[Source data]
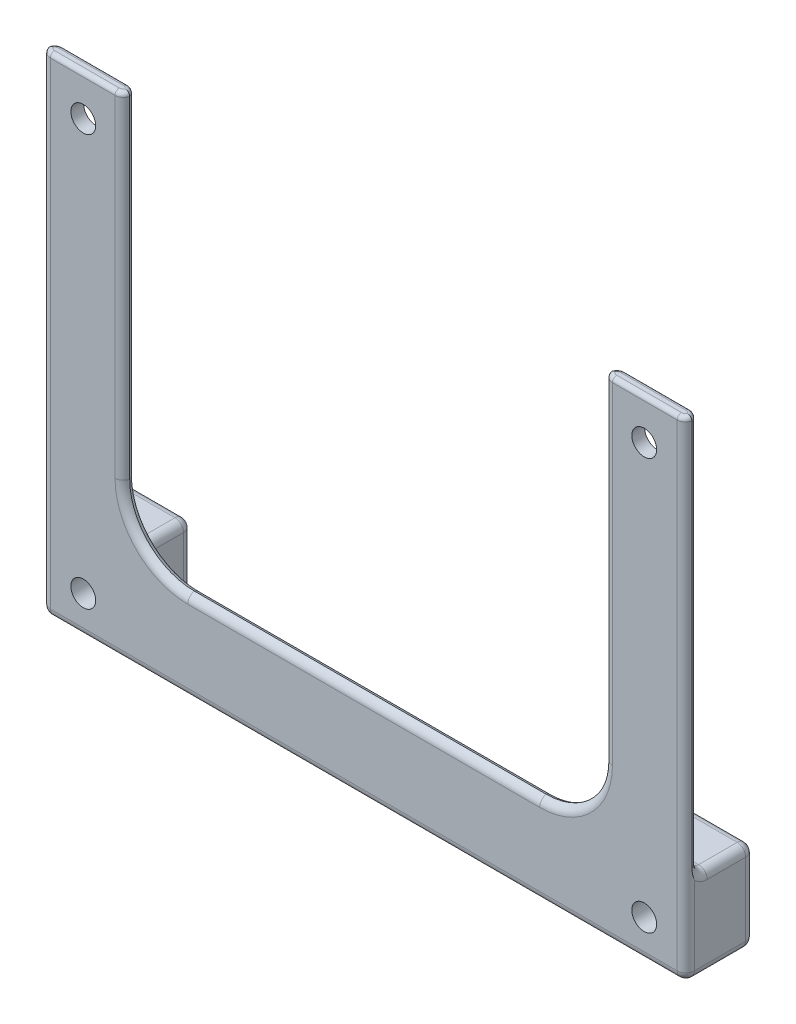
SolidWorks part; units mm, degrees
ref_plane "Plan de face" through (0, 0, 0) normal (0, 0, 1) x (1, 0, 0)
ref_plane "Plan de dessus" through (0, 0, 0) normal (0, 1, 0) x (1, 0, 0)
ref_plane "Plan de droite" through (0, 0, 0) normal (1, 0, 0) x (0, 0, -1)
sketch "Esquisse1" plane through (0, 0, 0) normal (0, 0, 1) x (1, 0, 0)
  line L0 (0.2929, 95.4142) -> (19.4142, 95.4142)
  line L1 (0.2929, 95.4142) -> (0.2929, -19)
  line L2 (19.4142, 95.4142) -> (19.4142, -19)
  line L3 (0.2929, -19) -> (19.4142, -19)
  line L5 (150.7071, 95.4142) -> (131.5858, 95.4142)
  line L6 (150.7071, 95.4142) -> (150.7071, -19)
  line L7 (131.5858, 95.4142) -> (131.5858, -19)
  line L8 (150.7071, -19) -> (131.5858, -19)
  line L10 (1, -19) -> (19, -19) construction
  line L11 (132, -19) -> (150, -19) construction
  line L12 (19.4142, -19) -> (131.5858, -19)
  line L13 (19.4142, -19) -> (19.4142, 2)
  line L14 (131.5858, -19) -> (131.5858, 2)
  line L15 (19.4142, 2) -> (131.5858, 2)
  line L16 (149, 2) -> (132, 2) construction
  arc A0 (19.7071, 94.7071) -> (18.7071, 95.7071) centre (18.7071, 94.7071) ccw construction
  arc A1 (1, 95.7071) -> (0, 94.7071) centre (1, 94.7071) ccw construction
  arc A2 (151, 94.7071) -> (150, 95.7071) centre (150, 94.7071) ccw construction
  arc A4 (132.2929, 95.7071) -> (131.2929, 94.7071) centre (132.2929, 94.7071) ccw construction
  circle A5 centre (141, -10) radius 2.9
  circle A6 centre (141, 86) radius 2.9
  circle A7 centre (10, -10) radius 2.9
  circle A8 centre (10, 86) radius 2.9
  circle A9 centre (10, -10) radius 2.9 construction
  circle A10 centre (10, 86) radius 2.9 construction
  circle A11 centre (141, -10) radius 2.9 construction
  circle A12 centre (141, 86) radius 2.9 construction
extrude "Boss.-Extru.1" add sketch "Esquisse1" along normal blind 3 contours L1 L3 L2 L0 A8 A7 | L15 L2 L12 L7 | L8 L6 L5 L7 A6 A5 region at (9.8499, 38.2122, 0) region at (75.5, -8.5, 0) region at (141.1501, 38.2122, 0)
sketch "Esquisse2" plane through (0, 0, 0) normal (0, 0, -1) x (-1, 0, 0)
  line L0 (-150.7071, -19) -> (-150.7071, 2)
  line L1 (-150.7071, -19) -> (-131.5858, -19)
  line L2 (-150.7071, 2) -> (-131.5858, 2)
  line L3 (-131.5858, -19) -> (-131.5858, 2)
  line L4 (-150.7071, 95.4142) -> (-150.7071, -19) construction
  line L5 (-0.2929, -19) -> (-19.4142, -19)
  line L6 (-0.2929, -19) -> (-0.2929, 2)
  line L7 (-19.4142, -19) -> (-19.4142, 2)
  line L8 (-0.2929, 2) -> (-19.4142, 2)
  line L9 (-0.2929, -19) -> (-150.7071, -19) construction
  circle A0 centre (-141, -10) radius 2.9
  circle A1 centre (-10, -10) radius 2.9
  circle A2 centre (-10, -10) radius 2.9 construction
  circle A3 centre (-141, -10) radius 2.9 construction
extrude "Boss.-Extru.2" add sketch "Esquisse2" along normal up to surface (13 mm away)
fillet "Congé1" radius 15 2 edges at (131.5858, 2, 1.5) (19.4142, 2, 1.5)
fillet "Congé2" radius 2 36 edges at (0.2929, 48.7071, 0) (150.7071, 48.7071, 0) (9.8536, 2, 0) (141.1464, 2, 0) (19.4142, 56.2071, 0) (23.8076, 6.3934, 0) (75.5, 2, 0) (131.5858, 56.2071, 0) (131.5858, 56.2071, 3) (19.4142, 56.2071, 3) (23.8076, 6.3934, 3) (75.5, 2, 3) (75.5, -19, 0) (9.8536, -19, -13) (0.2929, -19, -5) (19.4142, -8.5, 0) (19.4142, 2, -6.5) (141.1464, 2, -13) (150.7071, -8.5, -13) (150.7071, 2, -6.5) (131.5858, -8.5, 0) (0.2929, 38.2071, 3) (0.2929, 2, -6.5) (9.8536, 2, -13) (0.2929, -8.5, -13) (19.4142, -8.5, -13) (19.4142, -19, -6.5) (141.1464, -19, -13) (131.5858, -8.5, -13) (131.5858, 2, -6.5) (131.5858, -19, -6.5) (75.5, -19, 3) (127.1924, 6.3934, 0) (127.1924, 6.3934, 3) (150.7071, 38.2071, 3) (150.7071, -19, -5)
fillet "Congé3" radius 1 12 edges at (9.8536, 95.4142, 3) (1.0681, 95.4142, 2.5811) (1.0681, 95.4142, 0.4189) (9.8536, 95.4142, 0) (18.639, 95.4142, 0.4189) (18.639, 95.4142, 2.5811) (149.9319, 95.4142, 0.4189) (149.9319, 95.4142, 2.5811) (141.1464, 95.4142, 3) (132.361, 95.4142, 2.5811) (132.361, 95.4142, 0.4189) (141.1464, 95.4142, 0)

The problem:
Send back the data above verbatim, leaving out its pictures.

Response to this task:
SolidWorks part; units mm, degrees
ref_plane "Plan de face" through (0, 0, 0) normal (0, 0, 1) x (1, 0, 0)
ref_plane "Plan de dessus" through (0, 0, 0) normal (0, 1, 0) x (1, 0, 0)
ref_plane "Plan de droite" through (0, 0, 0) normal (1, 0, 0) x (0, 0, -1)
sketch "Esquisse1" plane through (0, 0, 0) normal (0, 0, 1) x (1, 0, 0)
  line L0 (0.2929, 95.4142) -> (19.4142, 95.4142)
  line L1 (0.2929, 95.4142) -> (0.2929, -19)
  line L2 (19.4142, 95.4142) -> (19.4142, -19)
  line L3 (0.2929, -19) -> (19.4142, -19)
  line L5 (150.7071, 95.4142) -> (131.5858, 95.4142)
  line L6 (150.7071, 95.4142) -> (150.7071, -19)
  line L7 (131.5858, 95.4142) -> (131.5858, -19)
  line L8 (150.7071, -19) -> (131.5858, -19)
  line L10 (1, -19) -> (19, -19) construction
  line L11 (132, -19) -> (150, -19) construction
  line L12 (19.4142, -19) -> (131.5858, -19)
  line L13 (19.4142, -19) -> (19.4142, 2)
  line L14 (131.5858, -19) -> (131.5858, 2)
  line L15 (19.4142, 2) -> (131.5858, 2)
  line L16 (149, 2) -> (132, 2) construction
  arc A0 (19.7071, 94.7071) -> (18.7071, 95.7071) centre (18.7071, 94.7071) ccw construction
  arc A1 (1, 95.7071) -> (0, 94.7071) centre (1, 94.7071) ccw construction
  arc A2 (151, 94.7071) -> (150, 95.7071) centre (150, 94.7071) ccw construction
  arc A4 (132.2929, 95.7071) -> (131.2929, 94.7071) centre (132.2929, 94.7071) ccw construction
  circle A5 centre (141, -10) radius 2.9
  circle A6 centre (141, 86) radius 2.9
  circle A7 centre (10, -10) radius 2.9
  circle A8 centre (10, 86) radius 2.9
  circle A9 centre (10, -10) radius 2.9 construction
  circle A10 centre (10, 86) radius 2.9 construction
  circle A11 centre (141, -10) radius 2.9 construction
  circle A12 centre (141, 86) radius 2.9 construction
extrude "Boss.-Extru.1" add sketch "Esquisse1" along normal blind 3 contours L1 L3 L2 L0 A8 A7 | L15 L2 L12 L7 | L8 L6 L5 L7 A6 A5 region at (9.8499, 38.2122, 0) region at (75.5, -8.5, 0) region at (141.1501, 38.2122, 0)
sketch "Esquisse2" plane through (0, 0, 0) normal (0, 0, -1) x (-1, 0, 0)
  line L0 (-150.7071, -19) -> (-150.7071, 2)
  line L1 (-150.7071, -19) -> (-131.5858, -19)
  line L2 (-150.7071, 2) -> (-131.5858, 2)
  line L3 (-131.5858, -19) -> (-131.5858, 2)
  line L4 (-150.7071, 95.4142) -> (-150.7071, -19) construction
  line L5 (-0.2929, -19) -> (-19.4142, -19)
  line L6 (-0.2929, -19) -> (-0.2929, 2)
  line L7 (-19.4142, -19) -> (-19.4142, 2)
  line L8 (-0.2929, 2) -> (-19.4142, 2)
  line L9 (-0.2929, -19) -> (-150.7071, -19) construction
  circle A0 centre (-141, -10) radius 2.9
  circle A1 centre (-10, -10) radius 2.9
  circle A2 centre (-10, -10) radius 2.9 construction
  circle A3 centre (-141, -10) radius 2.9 construction
extrude "Boss.-Extru.2" add sketch "Esquisse2" along normal up to surface (13 mm away)
fillet "Congé1" radius 15 2 edges at (131.5858, 2, 1.5) (19.4142, 2, 1.5)
fillet "Congé2" radius 2 36 edges at (0.2929, 48.7071, 0) (150.7071, 48.7071, 0) (9.8536, 2, 0) (141.1464, 2, 0) (19.4142, 56.2071, 0) (23.8076, 6.3934, 0) (75.5, 2, 0) (131.5858, 56.2071, 0) (131.5858, 56.2071, 3) (19.4142, 56.2071, 3) (23.8076, 6.3934, 3) (75.5, 2, 3) (75.5, -19, 0) (9.8536, -19, -13) (0.2929, -19, -5) (19.4142, -8.5, 0) (19.4142, 2, -6.5) (141.1464, 2, -13) (150.7071, -8.5, -13) (150.7071, 2, -6.5) (131.5858, -8.5, 0) (0.2929, 38.2071, 3) (0.2929, 2, -6.5) (9.8536, 2, -13) (0.2929, -8.5, -13) (19.4142, -8.5, -13) (19.4142, -19, -6.5) (141.1464, -19, -13) (131.5858, -8.5, -13) (131.5858, 2, -6.5) (131.5858, -19, -6.5) (75.5, -19, 3) (127.1924, 6.3934, 0) (127.1924, 6.3934, 3) (150.7071, 38.2071, 3) (150.7071, -19, -5)
fillet "Congé3" radius 1 12 edges at (9.8536, 95.4142, 3) (1.0681, 95.4142, 2.5811) (1.0681, 95.4142, 0.4189) (9.8536, 95.4142, 0) (18.639, 95.4142, 0.4189) (18.639, 95.4142, 2.5811) (149.9319, 95.4142, 0.4189) (149.9319, 95.4142, 2.5811) (141.1464, 95.4142, 3) (132.361, 95.4142, 2.5811) (132.361, 95.4142, 0.4189) (141.1464, 95.4142, 0)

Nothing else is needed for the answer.